■ **TASK INSTRUCTIONS**: Write out the stretch of lines below that begins at the line with "u/1 -> Bus Creator/1" and ends at the line with "Bus Selector/1 ->", including both, exactly as given and nothing more.

■ **MATERIAL SHOWN**:
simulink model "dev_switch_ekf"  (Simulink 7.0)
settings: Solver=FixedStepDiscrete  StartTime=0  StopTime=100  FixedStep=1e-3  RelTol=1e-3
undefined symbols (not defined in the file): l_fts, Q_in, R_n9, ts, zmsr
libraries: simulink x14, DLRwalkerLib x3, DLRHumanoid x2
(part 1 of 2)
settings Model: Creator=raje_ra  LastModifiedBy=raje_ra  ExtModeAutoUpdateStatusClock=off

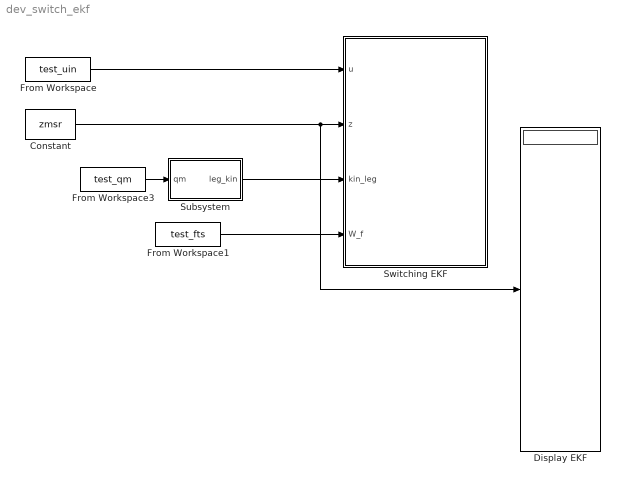
== system dev_switch_ekf ==
  Constant : Constant  Value=zmsr  OutDataType=sfix(16)  OutScaling=2^0
  Display EKF : Display
  From Workspace : FromWorkspace  VariableName=test_uin  SampleTime=0  OutputAfterFinalValue=Setting to zero
  From Workspace1 : FromWorkspace  VariableName=test_fts  SampleTime=0  OutputAfterFinalValue=Setting to zero
  From Workspace3 : FromWorkspace  VariableName=test_qm  SampleTime=0  OutputAfterFinalValue=Setting to zero
  Subsystem : Subsystem
  Switching EKF : Subsystem
  wires:
  From Workspace3/1 -> Subsystem/1(qm)
  Subsystem/1(leg_kin) -> Switching EKF/3(kin_leg)
  From Workspace1/1 -> Switching EKF/4(W_f)
  From Workspace/1 -> Switching EKF/1(u)
  Constant/1 -> Switching EKF/2(z), Display EKF/1

== system dev_switch_ekf/Subsystem ==
  qm : Inport  OutDataType=sfix(16)  OutScaling=2^0
  Bus Creator : BusCreator
  Fkin_leg_l : DLRHumanoid/Fkin_leg_l  SystemSampleTime=-1
  Fkin_leg_r : DLRHumanoid/Fkin_leg_r  SystemSampleTime=-1
  J_leg_l : Subsystem  AncestorBlock=DLRHumanoid/J_leg_l
  J_leg_r : Subsystem  AncestorBlock=DLRHumanoid/J_leg_r
  leg_kin : Outport  OutDataType=sfix(16)  OutScaling=2^0
  wires:
  qm/1 -> Fkin_leg_r/1, Fkin_leg_l/1, J_leg_r/1(q), J_leg_l/1(q)
  Fkin_leg_r/1 -> Bus Creator/1  "Fkin_leg_r"
  Bus Creator/1 -> leg_kin/1
  Fkin_leg_l/1 -> Bus Creator/2  "Fkin_leg_l"
  J_leg_r/1(J) -> Bus Creator/3  "J_leg_r"
  J_leg_l/1(J) -> Bus Creator/4  "J_leg_l"

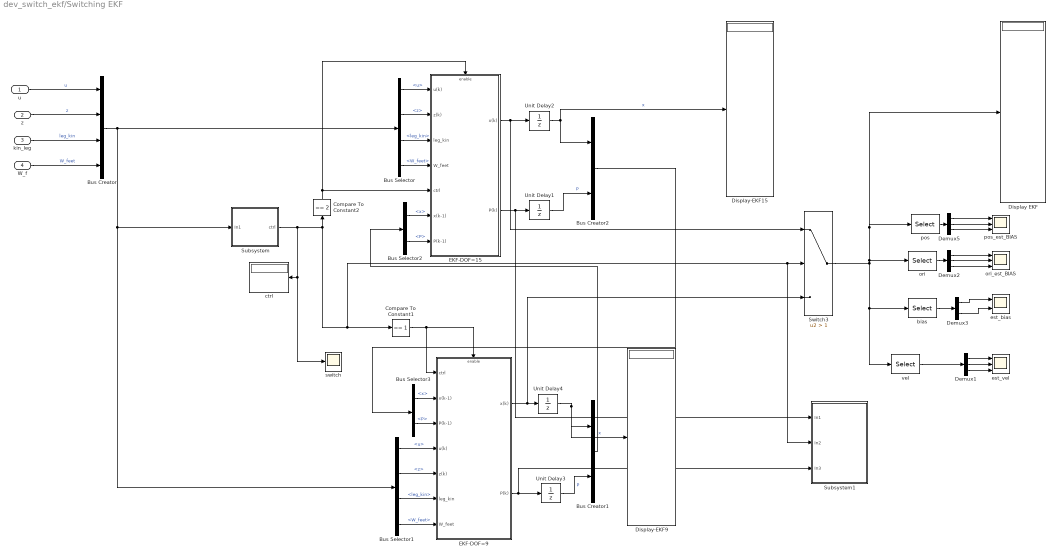
== system dev_switch_ekf/Switching EKF ==
  u : Inport
  z : Inport  Port=2
  kin_leg : Inport  Port=3
  W_f : Inport  Port=4
  Bus Creator : BusCreator
  Bus Creator1 : BusCreator  Inputs=2
  Bus Creator2 : BusCreator  Inputs=2
  Bus Selector : BusSelector  OutputSignals=u,z,leg_kin,W_feet
  Bus Selector1 : BusSelector  OutputSignals=u,z,leg_kin,W_feet
  Bus Selector2 : BusSelector  OutputSignals=x,P
  Bus Selector3 : BusSelector  OutputSignals=x,P
  Compare To Constant1 : simulink/Logic and Bit Operations/Compare To Constant  SystemSampleTime=-1  relop===  const=1  LogicOutDataTypeMode=uint8  ZeroCross=off
  Compare To Constant2 : simulink/Logic and Bit Operations/Compare To Constant  Orientation=up  SystemSampleTime=-1  relop===  const=2  LogicOutDataTypeMode=uint8  ZeroCross=off
  Demux1 : Demux  Outputs=3
  Demux2 : Demux  Outputs=3
  Demux3 : Demux  Outputs=2
  Demux5 : Demux  Outputs=3
  Display EKF : Display
  Display-EKF15 : Display
  Display-EKF9 : Display
  EKF-DOF=15 : Subsystem
  EKF-DOF=9 : Subsystem
  Subsystem : Subsystem
  Subsystem1 : Subsystem
  Switch3 : Switch  Criteria=u2 > Threshold  Threshold=1  OutDataType=sfix(16)  OutScaling=2^0
  Unit Delay1 : UnitDelay  X0=zeros(15)  SampleTime=-1
  Unit Delay2 : UnitDelay  X0=zeros(15,1)  SampleTime=-1
  Unit Delay3 : UnitDelay  X0=eye(15)  SampleTime=-1
  Unit Delay4 : UnitDelay  X0=zeros(15,1)  SampleTime=-1
  bias : Selector  InputPortWidth=15  IndexOptions=Index vector (dialog)  Indices=10:15  OutputSizes=1
  ctrl : Display
      settings: Decimation=100
  est_bias : Scope  NumInputPorts=2
      settings: TickLabels=on  TimeRange=10  YMin=-0.08~-0.14  YMax=0.14~0.06  SaveName=ScopeData117
  est_vel : Scope  NumInputPorts=3
      settings: TickLabels=on  TimeRange=1  YMin=-0.025~-8.67362e-19~-0.02  YMax=0.0025~0.04~0.002
  ori : Selector  InputPortWidth=15  IndexOptions=Index vector (dialog)  Indices=4:6  OutputSizes=1
  ori_est_BIAS : Scope  NumInputPorts=3
      settings: TickLabels=on  TimeRange=10  YMin=-0.009000000000000001~-0.12~-0.026  YMax=-0.003000000000000001~0.04000000000000001~-0.012  SaveName=ScopeData109
  pos : Selector  InputPortWidth=15  IndexOptions=Index vector (dialog)  Indices=1:3  OutputSizes=1
  pos_est_BIAS : Scope  NumInputPorts=3
      settings: TickLabels=on  TimeRange=30  YMin=-0.004~-0.025~1.161  YMax=0.0055~0.275~1.175  SaveName=ScopeData128
  switch : Scope
      settings: TickLabels=on  TimeRange=1  YMin=-0.025  YMax=0.0025  SaveName=ScopeData4
  vel : Selector  InputPortWidth=15  IndexOptions=Index vector (dialog)  Indices=7:9  OutputSizes=1
  wires:
  ori/1 -> Demux2/1
  Demux2/1 -> ori_est_BIAS/1
  Demux2/2 -> ori_est_BIAS/2
  Demux2/3 -> ori_est_BIAS/3
  bias/1 -> Demux3/1
  Demux3/1 -> est_bias/1
  Demux3/2 -> est_bias/2
  pos/1 -> Demux5/1
  Demux5/1 -> pos_est_BIAS/1
  Demux5/2 -> pos_est_BIAS/2
  Demux5/3 -> pos_est_BIAS/3
  u/1 -> Bus Creator/1  "u"
  z/1 -> Bus Creator/2  "z"
  kin_leg/1 -> Bus Creator/3  "leg_kin"
  W_f/1 -> Bus Creator/4  "W_feet"
  Bus Creator/1 -> Bus Selector/1, Bus Selector1/1, Subsystem/1(In1)
  Bus Selector/1 -> EKF-DOF=15/1(u(k))  "<u>"
  Bus Selector/2 -> EKF-DOF=15/2(z(k))  "<z>"
  Bus Selector/3 -> EKF-DOF=15/3(leg_kin)  "<leg_kin>"
  Bus Selector/4 -> EKF-DOF=15/4(W_feet)  "<W_feet>"
  Bus Selector1/1 -> EKF-DOF=9/4(u(k))  "<u>"
  Bus Selector1/2 -> EKF-DOF=9/5(z(k))  "<z>"
  Bus Selector1/3 -> EKF-DOF=9/6(leg_kin)  "<leg_kin>"
  Bus Selector1/4 -> EKF-DOF=9/7(W_feet)  "<W_feet>"
  EKF-DOF=15/1(x(k)) -> Unit Delay2/1, Switch3/1
  EKF-DOF=15/2(P(k)) -> Unit Delay1/1, Subsystem1/1(In1)
  Compare To Constant1/1 -> EKF-DOF=9/1(ctrl), EKF-DOF=9/Enable
  Subsystem/1(ctrl) -> Compare To Constant1/1, Switch3/2, Subsystem1/2(In2), Compare To Constant2/1, ctrl/1, switch/1
  EKF-DOF=9/1(x(k)) -> Unit Delay4/1, Switch3/3
  EKF-DOF=9/2(P(k)) -> Unit Delay3/1, Subsystem1/3(In3)
  Unit Delay4/1 -> Bus Creator1/1, Display-EKF9/1  "x"
  Unit Delay3/1 -> Bus Creator1/2  "P"
  Unit Delay2/1 -> Bus Creator2/1, Display-EKF15/1  "x"
  Unit Delay1/1 -> Bus Creator2/2  "P"
  Bus Selector2/1 -> EKF-DOF=15/6(x(k-1))  "<x>"
  Bus Selector2/2 -> EKF-DOF=15/7(P(k-1))  "<P>"
  Bus Selector3/1 -> EKF-DOF=9/2(x(k-1))  "<x>"
  Bus Selector3/2 -> EKF-DOF=9/3(P(k-1))  "<P>"
  Bus Creator2/1 -> Bus Selector3/1
  Bus Creator1/1 -> Bus Selector2/1
  Switch3/1 -> ori/1, pos/1, Display EKF/1, bias/1, vel/1
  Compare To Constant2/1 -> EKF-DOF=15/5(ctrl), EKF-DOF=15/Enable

■ **SOLUTION TO THIS EXERCISE**:
  u/1 -> Bus Creator/1  "u"
  z/1 -> Bus Creator/2  "z"
  kin_leg/1 -> Bus Creator/3  "leg_kin"
  W_f/1 -> Bus Creator/4  "W_feet"
  Bus Creator/1 -> Bus Selector/1, Bus Selector1/1, Subsystem/1(In1)
  Bus Selector/1 -> EKF-DOF=15/1(u(k))  "<u>"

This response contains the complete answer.